[WORK TO COMPLETE]:
Lines below that hold the word "continued" must be copied in full.

[WORKING DATA]:
──────────────────────────────
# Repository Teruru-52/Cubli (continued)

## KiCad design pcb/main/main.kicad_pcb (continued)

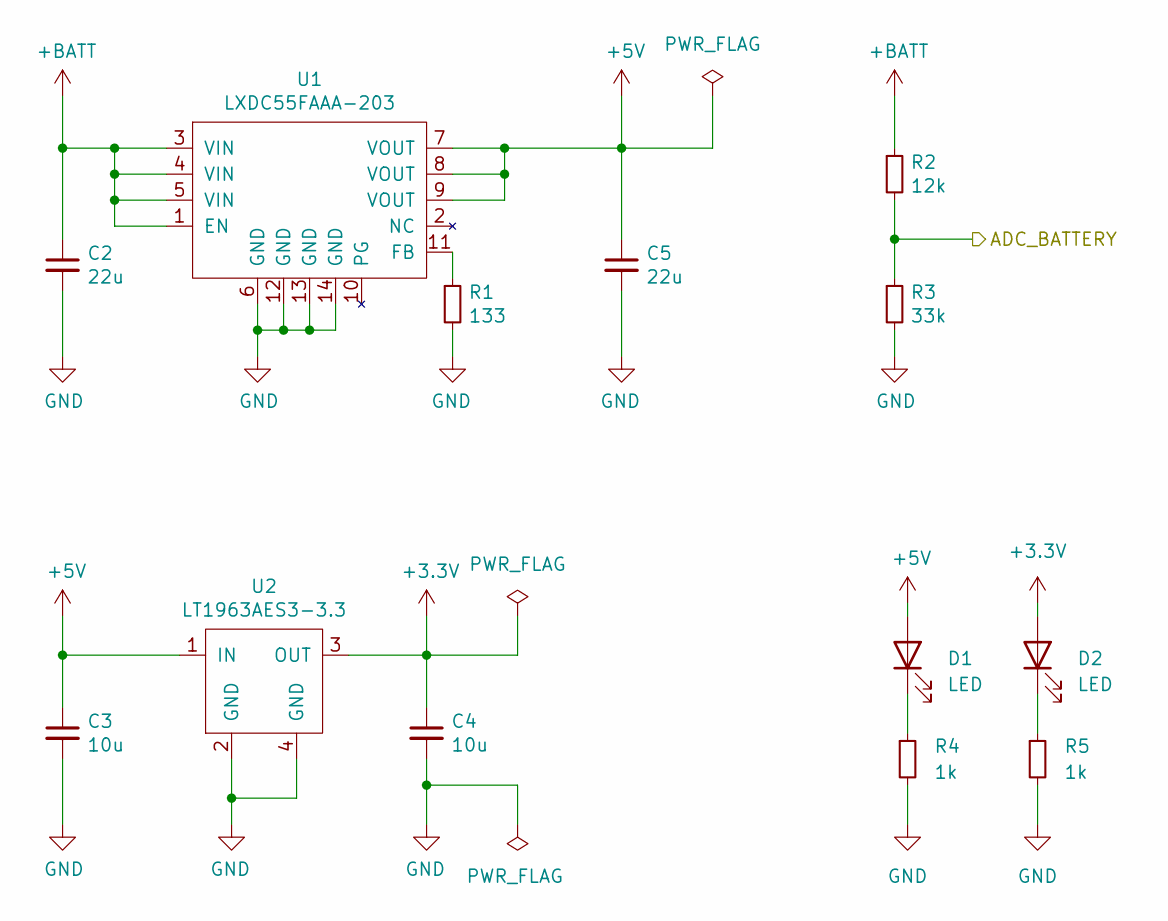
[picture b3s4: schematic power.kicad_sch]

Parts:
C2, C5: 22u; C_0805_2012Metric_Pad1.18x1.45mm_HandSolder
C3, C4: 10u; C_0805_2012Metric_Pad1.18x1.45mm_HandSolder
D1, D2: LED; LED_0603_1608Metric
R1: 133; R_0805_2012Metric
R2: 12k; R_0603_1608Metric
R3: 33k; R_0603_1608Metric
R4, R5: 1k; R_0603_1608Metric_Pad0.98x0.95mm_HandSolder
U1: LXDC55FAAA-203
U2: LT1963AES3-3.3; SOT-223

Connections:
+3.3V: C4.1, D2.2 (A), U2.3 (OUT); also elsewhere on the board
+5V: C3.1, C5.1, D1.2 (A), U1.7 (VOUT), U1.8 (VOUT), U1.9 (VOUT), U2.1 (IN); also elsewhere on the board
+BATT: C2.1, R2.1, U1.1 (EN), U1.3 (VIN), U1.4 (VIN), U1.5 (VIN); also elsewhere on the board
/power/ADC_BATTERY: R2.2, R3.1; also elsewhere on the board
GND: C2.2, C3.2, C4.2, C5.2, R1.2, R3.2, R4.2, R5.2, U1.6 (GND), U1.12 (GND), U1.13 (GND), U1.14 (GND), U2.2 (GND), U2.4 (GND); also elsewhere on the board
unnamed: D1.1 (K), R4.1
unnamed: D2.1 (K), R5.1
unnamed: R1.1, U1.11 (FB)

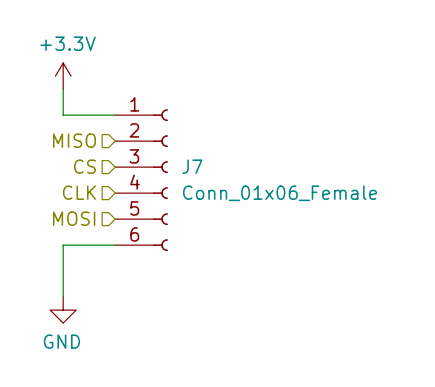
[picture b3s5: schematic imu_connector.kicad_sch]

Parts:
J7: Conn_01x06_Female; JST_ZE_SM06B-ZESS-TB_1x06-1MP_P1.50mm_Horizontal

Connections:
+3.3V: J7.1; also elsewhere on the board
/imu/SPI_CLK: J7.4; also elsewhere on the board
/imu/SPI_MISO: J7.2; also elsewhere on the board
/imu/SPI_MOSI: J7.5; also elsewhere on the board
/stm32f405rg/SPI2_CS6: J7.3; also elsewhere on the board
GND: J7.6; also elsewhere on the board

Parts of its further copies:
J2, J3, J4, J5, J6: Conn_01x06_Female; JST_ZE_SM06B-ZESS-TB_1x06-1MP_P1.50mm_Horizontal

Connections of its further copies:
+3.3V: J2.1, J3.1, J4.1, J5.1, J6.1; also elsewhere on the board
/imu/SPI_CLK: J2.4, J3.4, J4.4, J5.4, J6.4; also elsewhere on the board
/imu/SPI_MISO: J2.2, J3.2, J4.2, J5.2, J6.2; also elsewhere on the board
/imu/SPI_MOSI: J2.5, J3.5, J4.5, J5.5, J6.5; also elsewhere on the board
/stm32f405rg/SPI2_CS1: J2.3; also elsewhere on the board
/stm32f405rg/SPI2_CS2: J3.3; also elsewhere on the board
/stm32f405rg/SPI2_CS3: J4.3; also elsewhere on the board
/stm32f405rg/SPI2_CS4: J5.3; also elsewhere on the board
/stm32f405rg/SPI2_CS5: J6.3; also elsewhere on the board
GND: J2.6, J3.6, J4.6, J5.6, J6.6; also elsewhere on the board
──────────────────────────────
[SOLUTION TO THE EXERCISE]:
# Repository Teruru-52/Cubli (continued)
## KiCad design pcb/main/main.kicad_pcb (continued)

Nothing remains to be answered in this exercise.